Object Pose Estimation: Traditional methods rely on CAD models or category-level templates and cannot handle novel open-world objects; semantic orientation provides a more flexible alternative.
Scene Graphs: Conventional scene graphs encode object relationships but lack orientation information; SoFar's 6-DoF scene graph is the first to incorporate semantic orientations.

Rating¶

Novelty: ⭐⭐⭐⭐⭐ — The semantic orientation concept is original; binding natural language to 3D direction vectors is a novel and elegant formulation.
Experimental Thoroughness: ⭐⭐⭐⭐⭐ — Covers simulation (Open6DOR V1/V2, SimplerEnv) + real-world (60 tasks, 100+ objects) + VQA (SpatialBench), with comprehensive multi-baseline comparisons and ablations.

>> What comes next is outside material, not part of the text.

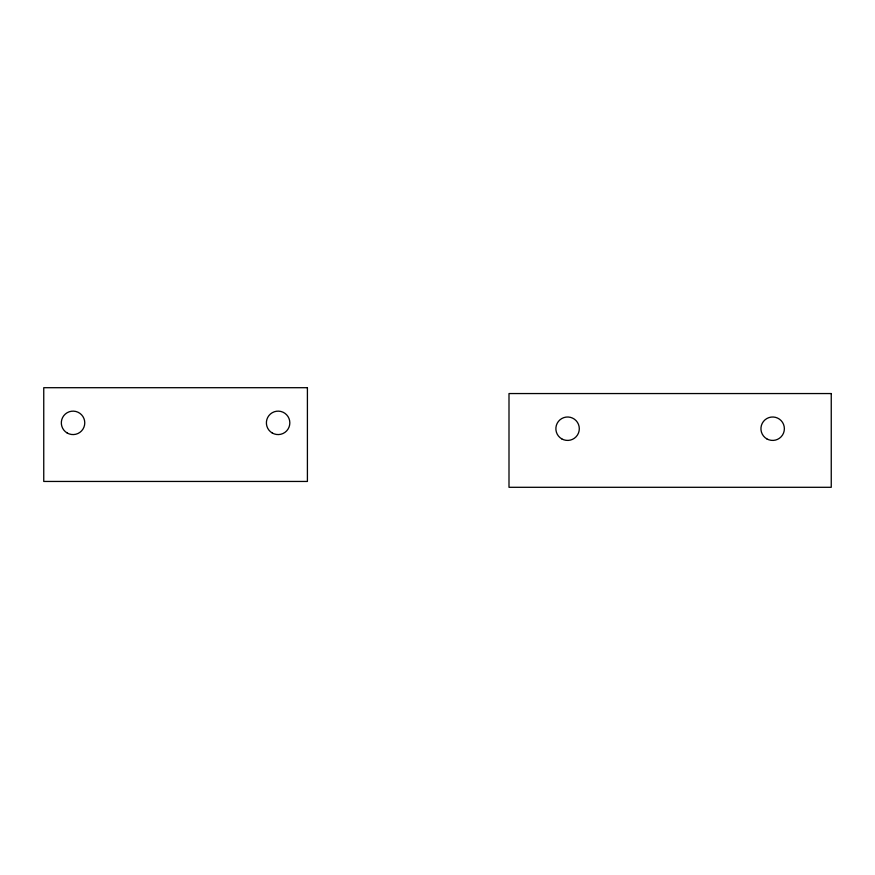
<?xml version="1.0" encoding="UTF-8"?>
<svg xmlns="http://www.w3.org/2000/svg" width="875" height="875" viewBox="0 0 875 875"><rect width="100%" height="100%" fill="white"/><g stroke="black" fill="none" stroke-linecap="round" stroke-linejoin="round"><path stroke-width="1.31" d="M307.409 387.702L43.75 387.702L43.75 481.447L307.409 481.447L307.409 387.702M831.25 393.553L508.998 393.553L508.998 487.298L831.25 487.298L831.25 393.553M272.256 433.005A11.714 11.714 0 0 0 289.833 422.855A11.714 11.714 0 0 0 272.256 412.705A11.714 11.714 0 0 0 272.256 433.005M67.189 433.005A11.714 11.714 0 0 0 84.766 422.855A11.714 11.714 0 0 0 67.189 412.705A11.714 11.714 0 0 0 67.189 433.005M766.795 438.856A11.714 11.714 0 0 0 784.372 428.706A11.714 11.714 0 0 0 766.795 418.567A11.714 11.714 0 0 0 766.795 438.856M561.728 438.856A11.714 11.714 0 0 0 579.305 428.706A11.714 11.714 0 0 0 561.728 418.567A11.714 11.714 0 0 0 561.728 438.856"/></g></svg>

Writing Quality: ⭐⭐⭐⭐ — Concepts are clearly presented with rich illustrations and complete system descriptions; the large content volume leads to some compression of details.
Value: ⭐⭐⭐⭐⭐ — Introduces a new representational paradigm for 6-DoF robotic manipulation; the dataset and benchmark are likely to facilitate future research.